BRIEF =
Would you reproduce, word for word, only the lines running from the top of the data through the line containing "Price : double <<get>>", and none of the pictures?

DATA =
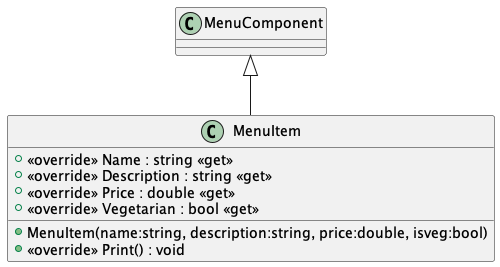

The diagram above was rendered by PlantUML. Its source (embedded in the PNG):
@startuml
class MenuItem {
    + MenuItem(name:string, description:string, price:double, isveg:bool)
    + <<override>> Name : string <<get>>
    + <<override>> Description : string <<get>>
    + <<override>> Price : double <<get>>
    + <<override>> Vegetarian : bool <<get>>
    + <<override>> Print() : void
}
MenuComponent <|-- MenuItem
@enduml

ANSWER TO THIS PROBLEM =
The diagram above was rendered by PlantUML. Its source (embedded in the PNG):
@startuml
class MenuItem {
    + MenuItem(name:string, description:string, price:double, isveg:bool)
    + <<override>> Name : string <<get>>
    + <<override>> Description : string <<get>>
    + <<override>> Price : double <<get>>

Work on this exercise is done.